Comprehensive Tax & Legal Solutions

What is reasonable compensation? Pt. 1

On Behalf of | Dec 6, 2016 | Tax Law

When a company pays employees, it is presumed to some degree, that it pays them only enough to prevent them from leaving and going to work elsewhere. This equation changes when the company is controlled by the individual being paid. The IRS often suspects owners are manipulating pay of insiders as a means of obtaining a tax deduction or reducing the income of the entity.

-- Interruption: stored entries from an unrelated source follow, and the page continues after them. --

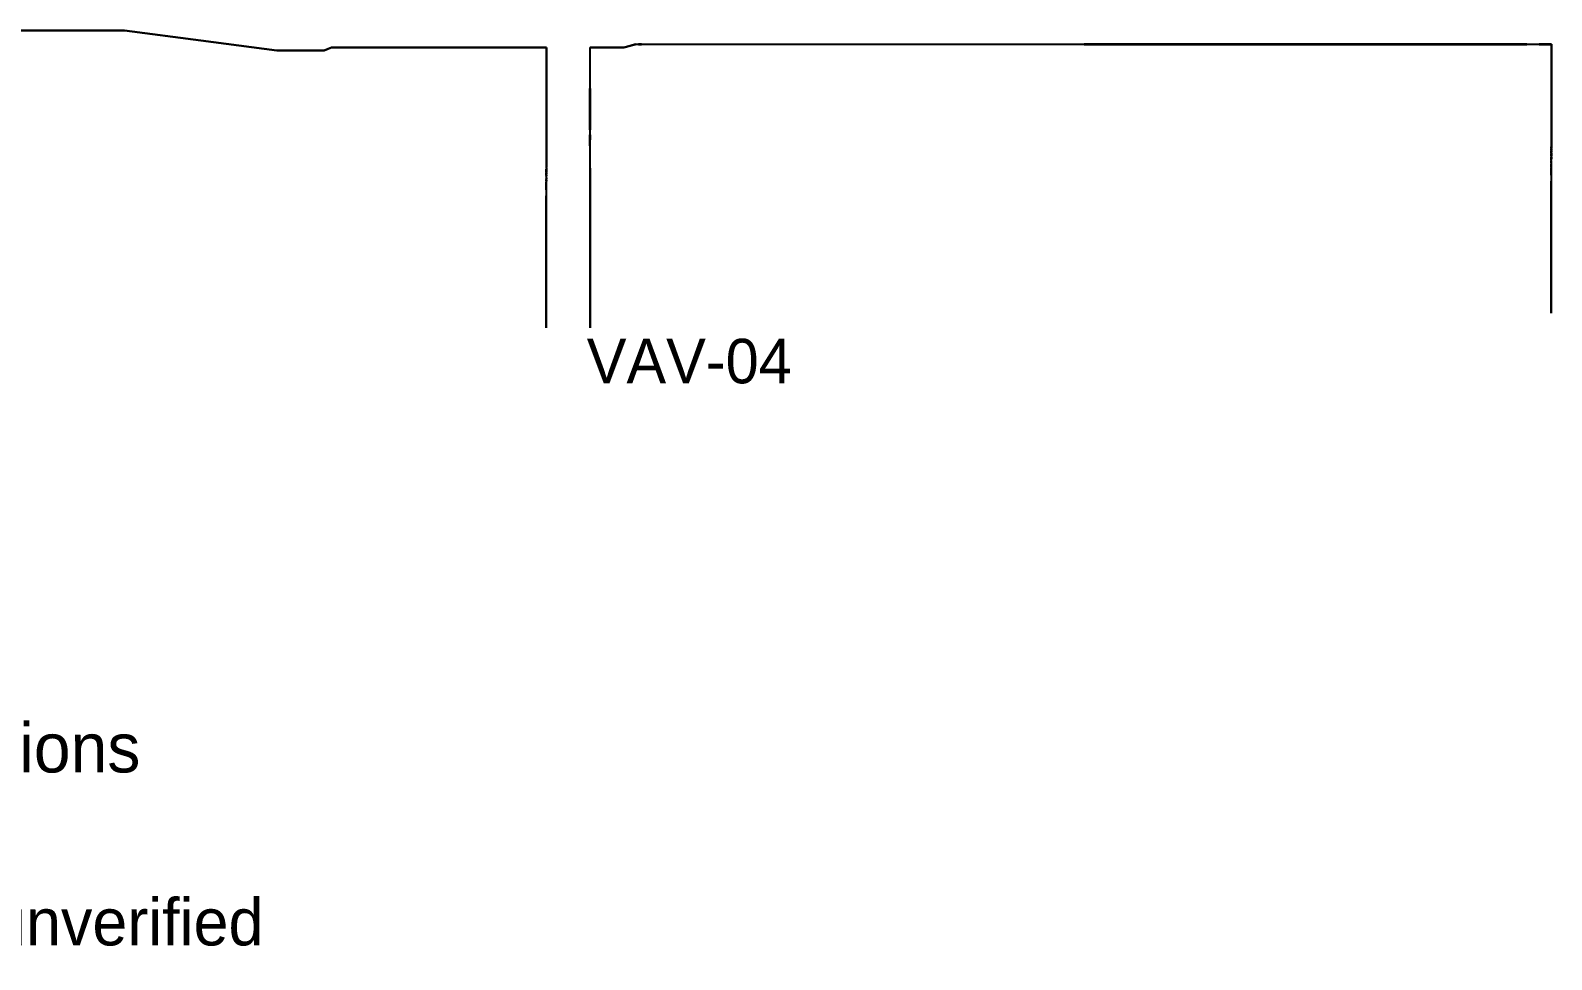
# Model space of a CAD drawing. Header units: metres. Extents: x 2 to 41.4, y 0.9 to 39.
# Drawn here: x 20.17 to 32.48, y 0.89 to 8.41 of the extents above; entities that cross this region are included whole.
import ezdxf

# ---------------------------------------------------------------- set-up
doc = ezdxf.new("R2010")
doc.units = ezdxf.units.M
doc.layers.add('BSA_MATERIAL_SECTION', color=7, linetype='Continuous')
doc.layers.add('BSA_VAV_LABEL', color=7, linetype='Continuous')

msp = doc.modelspace()

# ---------------------------------------------------------------- linework, layer by layer
at = {"layer": 'BSA_MATERIAL_SECTION'}
for p, q in [((20.455, 8.406), (20.03, 8.406)), ((20.03, 8.406), (20.455, 8.406)), ((20.455, 8.406), (20.88, 8.406)), ((20.88, 8.406), (20.455, 8.406)), ((20.88, 8.406), (20.88, 8.406)), ((20.88, 8.406), (20.88, 8.406)), ((20.88, 8.406), (20.88, 8.406)), ((20.88, 8.406), (20.88, 8.406)), ((20.905, 8.406), (20.88, 8.406)), ((20.88, 8.406), (20.905, 8.406)), ((20.905, 8.406), (20.93, 8.406)), ((20.93, 8.406), (20.905, 8.406)), ((21.547, 8.324), (20.93, 8.406)), ((20.93, 8.406), (21.547, 8.325)), ((22.164, 8.244), (21.547, 8.325)), ((21.547, 8.324), (22.164, 8.243)), ((22.545, 8.244), (22.577, 8.257)), ((22.577, 8.256), (22.545, 8.243)), ((22.606, 8.269), (22.577, 8.257)), ((22.577, 8.256), (22.606, 8.268)), ((22.606, 8.269), (22.631, 8.269)), ((22.631, 8.268), (22.606, 8.268)), ((22.656, 8.269), (22.631, 8.269)), ((22.631, 8.268), (22.656, 8.268)), ((22.656, 8.269), (22.656, 8.268)), ((22.656, 8.269), (22.656, 8.269)), ((22.656, 8.269), (23.388, 8.269)), ((22.656, 8.268), (22.656, 8.269)), ((22.656, 8.269), (22.656, 8.269)), ((23.388, 8.268), (22.656, 8.268)), ((24.121, 8.269), (23.388, 8.269)), ((23.388, 8.268), (24.121, 8.268)), ((24.121, 8.269), (24.121, 8.269)), ((24.121, 8.268), (24.121, 8.269)), ((24.121, 8.269), (24.249, 8.269)), ((24.121, 8.269), (24.121, 8.268)), ((24.121, 8.269), (24.121, 8.269)), ((24.249, 8.268), (24.121, 8.268)), ((24.346, 8.269), (24.249, 8.269)), ((24.249, 8.268), (24.345, 8.268)), ((24.345, 7.935), (24.345, 8.268)), ((24.346, 8.269), (24.346, 7.936)), ((24.696, 8.269), (24.792, 8.269)), ((24.696, 8.269), (24.696, 7.936)), ((24.793, 8.268), (24.697, 8.268)), ((24.697, 7.935), (24.697, 8.268)), ((24.921, 8.269), (24.792, 8.269)), ((24.793, 8.268), (24.921, 8.268)), ((24.921, 8.269), (24.921, 8.269)), ((24.921, 8.269), (24.921, 8.268)), ((24.921, 8.269), (24.921, 8.268)), ((24.921, 8.269), (24.921, 8.269)), ((24.921, 8.269), (24.946, 8.269)), ((24.946, 8.268), (24.921, 8.268)), ((24.971, 8.269), (24.946, 8.269)), ((24.946, 8.268), (24.971, 8.268)), ((24.971, 8.269), (25.021, 8.282)), ((25.021, 8.281), (24.971, 8.268)), ((25.064, 8.294), (25.021, 8.282)), ((25.021, 8.281), (25.064, 8.293)), ((25.064, 8.294), (25.089, 8.294)), ((25.089, 8.293), (25.064, 8.293)), ((25.114, 8.294), (25.089, 8.294)), ((25.089, 8.293), (25.114, 8.293)), ((25.114, 8.294), (25.114, 8.294)), ((25.114, 8.294), (25.114, 8.293)), ((25.114, 8.294), (28.696, 8.294)), ((25.114, 8.293), (25.114, 8.294)), ((25.114, 8.294), (25.114, 8.294)), ((28.696, 8.293), (25.114, 8.293)), ((32.278, 8.294), (28.696, 8.294)), ((28.696, 8.293), (32.278, 8.293)), ((32.278, 8.294), (32.278, 8.294)), ((32.278, 8.293), (32.278, 8.294)), ((32.278, 8.294), (32.378, 8.294)), ((32.278, 8.294), (32.278, 8.293)), ((32.278, 8.294), (32.278, 8.294)), ((32.378, 8.293), (32.278, 8.293)), ((32.478, 8.294), (32.378, 8.294)), ((32.378, 8.293), (32.477, 8.293)), ((32.478, 8.294), (32.478, 8.104)), ((32.477, 8.104), (32.477, 8.293)), ((22.164, 8.244), (22.189, 8.244)), ((22.189, 8.243), (22.164, 8.243)), ((22.214, 8.244), (22.189, 8.244)), ((22.189, 8.243), (22.214, 8.243)), ((22.214, 8.244), (22.214, 8.244)), ((22.214, 8.244), (22.214, 8.243)), ((22.214, 8.244), (22.239, 8.244)), ((22.214, 8.244), (22.214, 8.243)), ((22.214, 8.244), (22.214, 8.244)), ((22.239, 8.243), (22.214, 8.243)), ((22.264, 8.244), (22.239, 8.244)), ((22.239, 8.243), (22.264, 8.243)), ((22.264, 8.244), (22.368, 8.244)), ((22.368, 8.243), (22.264, 8.243)), ((22.445, 8.244), (22.368, 8.244)), ((22.368, 8.243), (22.445, 8.243)), ((22.445, 8.244), (22.47, 8.244)), ((22.47, 8.243), (22.445, 8.243)), ((22.495, 8.244), (22.47, 8.244)), ((22.47, 8.243), (22.495, 8.243)), ((22.495, 8.244), (22.495, 8.243)), ((22.495, 8.244), (22.495, 8.244)), ((22.495, 8.244), (22.495, 8.244)), ((22.495, 8.244), (22.495, 8.243)), ((22.495, 8.244), (22.52, 8.244)), ((22.52, 8.243), (22.495, 8.243)), ((22.545, 8.244), (22.52, 8.244)), ((22.52, 8.243), (22.545, 8.243)), ((32.477, 8.104), (32.477, 7.914)), ((32.478, 7.914), (32.478, 8.104)), ((24.345, 7.935), (24.345, 7.602)), ((24.346, 7.602), (24.346, 7.936)), ((24.696, 7.602), (24.696, 7.936)), ((24.697, 7.935), (24.697, 7.602)), ((32.478, 7.914), (32.478, 7.914)), ((32.478, 7.914), (32.477, 7.914)), ((32.478, 7.914), (32.477, 7.914)), ((32.478, 7.914), (32.478, 7.914)), ((32.477, 7.889), (32.477, 7.914)), ((32.478, 7.914), (32.478, 7.889)), ((32.477, 7.889), (32.477, 7.864)), ((32.478, 7.864), (32.478, 7.889)), ((32.477, 7.814), (32.477, 7.864)), ((32.478, 7.864), (32.478, 7.814)), ((32.477, 7.814), (32.477, 7.771)), ((32.478, 7.771), (32.478, 7.814)), ((32.477, 7.746), (32.477, 7.771)), ((32.478, 7.771), (32.478, 7.746)), ((32.477, 7.746), (32.477, 7.721)), ((32.478, 7.721), (32.478, 7.746)), ((32.478, 7.721), (32.478, 7.721)), ((32.478, 7.721), (32.477, 7.721)), ((32.477, 7.681), (32.477, 7.721)), ((32.478, 7.721), (32.478, 7.681)), ((32.478, 7.721), (32.478, 7.721)), ((32.477, 7.721), (32.478, 7.721)), ((32.477, 7.681), (32.477, 7.641)), ((32.478, 7.641), (32.478, 7.681)), ((32.477, 7.616), (32.477, 7.641)), ((32.478, 7.641), (32.478, 7.641)), ((32.478, 7.641), (32.477, 7.641)), ((32.478, 7.641), (32.478, 7.616)), ((32.478, 7.641), (32.478, 7.641)), ((32.478, 7.641), (32.477, 7.641)), ((24.345, 7.602), (24.346, 7.602)), ((24.345, 7.602), (24.345, 7.602)), ((24.345, 7.562), (24.345, 7.602)), ((24.346, 7.602), (24.345, 7.602)), ((24.345, 7.602), (24.345, 7.602)), ((24.345, 7.562), (24.345, 7.522)), ((24.345, 7.497), (24.345, 7.522)), ((24.345, 7.522), (24.346, 7.522)), ((24.345, 7.522), (24.345, 7.522)), ((24.345, 7.522), (24.346, 7.522)), ((24.345, 7.522), (24.345, 7.522)), ((24.346, 7.602), (24.346, 7.562)), ((24.346, 7.522), (24.346, 7.562)), ((24.346, 7.522), (24.346, 7.497)), ((24.696, 7.602), (24.696, 7.602)), ((24.697, 7.602), (24.696, 7.602)), ((24.696, 7.602), (24.696, 7.562)), ((24.696, 7.602), (24.696, 7.602)), ((24.696, 7.602), (24.697, 7.602)), ((24.696, 7.522), (24.696, 7.562)), ((24.696, 7.522), (24.697, 7.522)), ((24.696, 7.522), (24.696, 7.522)), ((24.696, 7.472), (24.696, 7.522)), ((24.696, 7.522), (24.696, 7.522)), ((24.697, 7.522), (24.696, 7.522)), ((24.697, 7.562), (24.697, 7.602)), ((24.697, 7.562), (24.697, 7.522)), ((24.697, 7.472), (24.697, 7.522)), ((32.477, 7.591), (32.477, 7.589)), ((32.477, 7.588), (32.477, 7.589)), ((32.477, 7.589), (32.477, 7.589)), ((32.477, 7.583), (32.477, 7.588)), ((32.477, 7.583), (32.477, 7.58)), ((32.477, 7.58), (32.477, 7.577)), ((32.477, 7.574), (32.477, 7.577)), ((32.477, 7.57), (32.477, 7.574)), ((32.477, 7.57), (32.477, 7.567)), ((32.477, 7.56), (32.477, 7.567)), ((32.477, 7.56), (32.477, 7.557)), ((32.477, 7.546), (32.477, 7.557)), ((32.477, 7.546), (32.477, 7.544)), ((32.477, 7.544), (32.477, 7.544)), ((32.477, 7.544), (32.477, 7.54)), ((32.477, 7.532), (32.477, 7.54)), ((32.477, 7.529), (32.477, 7.532)), ((32.477, 7.524), (32.477, 7.529)), ((32.477, 7.524), (32.477, 7.52)), ((32.477, 7.516), (32.477, 7.52)), ((32.477, 7.513), (32.477, 7.516)), ((32.477, 7.513), (32.477, 7.508)), ((32.477, 7.616), (32.477, 7.591)), ((32.478, 7.591), (32.478, 7.616)), ((32.477, 7.591), (32.477, 7.591)), ((32.477, 7.591), (32.477, 7.591)), ((32.477, 7.591), (32.477, 7.591)), ((32.477, 7.591), (32.477, 7.591)), ((32.478, 7.591), (32.478, 7.591)), ((32.478, 7.589), (32.478, 7.591)), ((32.478, 7.591), (32.478, 7.591)), ((32.478, 7.591), (32.478, 7.591)), ((32.478, 7.591), (32.478, 7.591)), ((32.478, 7.589), (32.478, 7.588)), ((32.478, 7.589), (32.478, 7.589)), ((32.478, 7.588), (32.478, 7.583)), ((32.478, 7.58), (32.478, 7.583)), ((32.478, 7.577), (32.478, 7.58)), ((32.478, 7.577), (32.478, 7.574)), ((32.478, 7.574), (32.478, 7.57)), ((32.478, 7.567), (32.478, 7.57)), ((32.478, 7.567), (32.478, 7.56)), ((32.478, 7.557), (32.478, 7.56)), ((32.478, 7.557), (32.478, 7.546)), ((32.478, 7.544), (32.478, 7.546)), ((32.478, 7.544), (32.478, 7.544)), ((32.478, 7.54), (32.478, 7.544)), ((32.478, 7.54), (32.478, 7.532)), ((32.478, 7.532), (32.478, 7.529)), ((32.478, 7.529), (32.478, 7.524)), ((32.478, 7.52), (32.478, 7.524)), ((32.478, 7.52), (32.478, 7.516)), ((32.478, 7.516), (32.478, 7.513)), ((32.478, 7.508), (32.478, 7.513)), ((24.344, 7.406), (24.345, 7.411)), ((24.344, 7.406), (24.344, 7.401)), ((24.344, 7.398), (24.344, 7.401)), ((24.344, 7.395), (24.344, 7.398)), ((24.344, 7.395), (24.344, 7.39)), ((24.344, 7.387), (24.344, 7.39)), ((24.344, 7.383), (24.344, 7.387)), ((24.345, 7.497), (24.345, 7.472)), ((24.345, 7.472), (24.345, 7.472)), ((24.345, 7.472), (24.345, 7.472)), ((24.345, 7.472), (24.345, 7.471)), ((24.345, 7.472), (24.345, 7.472)), ((24.345, 7.472), (24.345, 7.472)), ((24.345, 7.469), (24.345, 7.471)), ((24.345, 7.471), (24.345, 7.471)), ((24.345, 7.465), (24.345, 7.469)), ((24.345, 7.465), (24.345, 7.462)), ((24.345, 7.462), (24.345, 7.459)), ((24.345, 7.456), (24.345, 7.459)), ((24.345, 7.451), (24.345, 7.456)), ((24.345, 7.451), (24.345, 7.449)), ((24.345, 7.441), (24.345, 7.449)), ((24.345, 7.441), (24.345, 7.439)), ((24.345, 7.428), (24.345, 7.439)), ((24.346, 7.439), (24.345, 7.428)), ((24.345, 7.428), (24.345, 7.426)), ((24.345, 7.426), (24.345, 7.428)), ((24.345, 7.426), (24.345, 7.425)), ((24.345, 7.425), (24.345, 7.426)), ((24.345, 7.425), (24.345, 7.422)), ((24.345, 7.422), (24.345, 7.425)), ((24.345, 7.414), (24.345, 7.422)), ((24.345, 7.422), (24.345, 7.414)), ((24.345, 7.411), (24.345, 7.414)), ((24.345, 7.414), (24.345, 7.411)), ((24.345, 7.411), (24.345, 7.406)), ((24.345, 7.401), (24.345, 7.406)), ((24.345, 7.401), (24.345, 7.398)), ((24.345, 7.398), (24.345, 7.395)), ((24.345, 7.39), (24.345, 7.395)), ((24.345, 7.39), (24.345, 7.387)), ((24.345, 7.387), (24.345, 7.383)), ((24.346, 7.472), (24.346, 7.497)), ((24.346, 7.472), (24.346, 7.472)), ((24.346, 7.471), (24.346, 7.472)), ((24.346, 7.472), (24.346, 7.472)), ((24.346, 7.472), (24.346, 7.472)), ((24.346, 7.472), (24.346, 7.472)), ((24.346, 7.471), (24.346, 7.469)), ((24.346, 7.471), (24.346, 7.471)), ((24.346, 7.469), (24.346, 7.465)), ((24.346, 7.462), (24.346, 7.465)), ((24.346, 7.459), (24.346, 7.462)), ((24.346, 7.459), (24.346, 7.456)), ((24.346, 7.456), (24.346, 7.451)), ((24.346, 7.449), (24.346, 7.451)), ((24.346, 7.449), (24.346, 7.441)), ((24.346, 7.439), (24.346, 7.441)), ((24.696, 7.472), (24.699, 7.117)), ((24.699, 7.117), (24.697, 7.472)), ((32.476, 7.457), (32.476, 7.463)), ((32.476, 7.457), (32.476, 7.454)), ((32.476, 7.454), (32.476, 7.451)), ((32.476, 7.449), (32.476, 7.451)), ((32.476, 7.446), (32.476, 7.449)), ((32.476, 7.446), (32.476, 7.442)), ((32.476, 7.441), (32.476, 7.442)), ((32.476, 7.441), (32.476, 7.441)), ((32.476, 7.441), (32.476, 7.439)), ((32.476, 7.438), (32.476, 7.439)), ((32.476, 7.438), (32.476, 7.432)), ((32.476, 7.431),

In a case from this year, the Tax Court disagreed with IRS’s disallowance of the deduction of a large concrete contractor in Arizona. The company had paid two brothers who were also principle owners of the entity $4 million and $7.3 million, as well as $500,000 to an entity that the brothers owned which supplied contract to the business. The company deducted these amounts and the IRS issued a notice of tax deficiency, arguing the amounts were not “reasonable compensation” as allowed under IRC section 162.

The Tax Court looked to the standard used in the Ninth Circuit to define the reasonableness of compensation and applied the five-factor test: “1) the employee’s role in the company; (2) a comparison of compensation paid by similar companies for similar services; (3) the character and condition of the company; (4) potential conflicts of interest; and (5) the internal consistency of compensation arrangements.”

These factors are somewhat similar to the factors used by the Sixth Circuit, from which any Tax Court appeal would be heard from an Ohio case. The Sixth Circuit uses a nine-factor test derived from the Mayson Case.